On C and generic functions

Question

I'd like to implement search using C generics

int lsearchGeneric(void *key, void *base, int n, int elemSize)
{
    int i =0;

    for(; i < n; i++)   {
        void *elemAddr = (char*) base + i * elemSize;           
        if(memcmp(key, elemAddr , elemSize) == 0) {
            return i;
        }
    }

    return -1;
}

This function is called with

char *key = strdup("w");
char *base = strdup("two");

int result = lsearchGeneric (&key, base, 3, sizeof(char));
printf("Position: %d\n", result); // prints -1

I wonder what am i missing here. Instead of -1, i would expect 1, as "w" is the second letter in "two"

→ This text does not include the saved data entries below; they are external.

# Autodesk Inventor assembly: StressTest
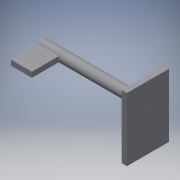
[picture p0: Inventor's stored thumbnail of the model, 180x180]
Saved by Autodesk Inventor 2017 (Build 210142000, 142)
## iProperties
Created: 2018-03-21
Part Number: StressTest
Document SubType Name: Assembly
Designer: User
Mass: 45.0296 g
Surface Area: 167.412 cm^2
Volume: 45.0296 cm^3
Density: 1 g/cm^3
Author: User
## Documents named in this file (11)
- C:\Robotics\CAD\2018-19_CAD\StressTest.iam
- C:\Robotics\CAD\2018-19_CAD\Offseason\StressTestPart.ipt
- C:\Robotics\CAD\2018-19_CAD\Offseason\StressTestPlate.ipt
- C:\Robotics\CAD\2018-19_CAD\StressTest\AIP\FEA\cghwi1e0w.fins
- C:\Robotics\CAD\2018-19_CAD\StressTest\AIP\FEA\cghwi1e0w.fsat
- C:\Robotics\CAD\2018-19_CAD\StressTest\AIP\FEA\cghwi1e0w.ftes
- C:\Robotics\CAD\2018-19_CAD\StressTest\AIP\FEA\cghwi1e0w.fwiz
- C:\Robotics\CAD\2018-19_CAD\StressTest\AIP\FEA\cghwi1e2o.fmsh
- C:\Robotics\CAD\2018-19_CAD\StressTest\AIP\FEA\cghwi1e2p.fres
- C:\Robotics\CAD\2018-19_CAD\StressTest\AIP\FEA\cgkfbvra8.fmsh
- C:\Robotics\CAD\2018-19_CAD\StressTest\AIP\FEA\cgkfbvra9.fres
## Components (2 placed, 2 different names)
1. StressTestPart:1 — Mate:1, Insert:1
2. StressTestPlate:1 — Mate:1, Insert:1
## Relationships (2: Mate 1, Insert 1)
- Mate:1: StressTestPart:1 ↔ StressTestPlate:1
- Insert:1: StressTestPart:1 ↔ StressTestPlate:1
## Named parameters: sa_0 = 4519.39
note: some values were not read from the file. Shown as the stored number, unit unknown: "sa_0".

For those (you know who you are) who wonder whether this is homework - the answer is "no it is not. I am following Programming paradigms lecture from iTunesU"

Answer 1

Looks like you have an extra & in your function call:

int result = lsearchGeneric (&key, base, 3, sizeof(char));
                             ^
                        does not belong here!

You're passing the address of the pointer rather than the pointer itself. The giveaway here is that you weren't consistent with the two operands: You passed &key and base, one with and the other without the &.

Small Note:

This "generic" might not work properly with structs that have padding. As the padding values are unspecified and may be different with otherwise identical structs.

Answer 2

If you step through this in a debugger, the first thing you'll notice is that the value of "key" inside the function isn't "w" -- instead, it's some garbage. If you look closer, you'll notice that the address isn't the same as when you checked it out in the main program, either.

The reason for this is that you are calling your function with the address of the pointer of the key value -- &key -- rather than the address of the key value itself, which is key. Remove the extraneous &, and it works right.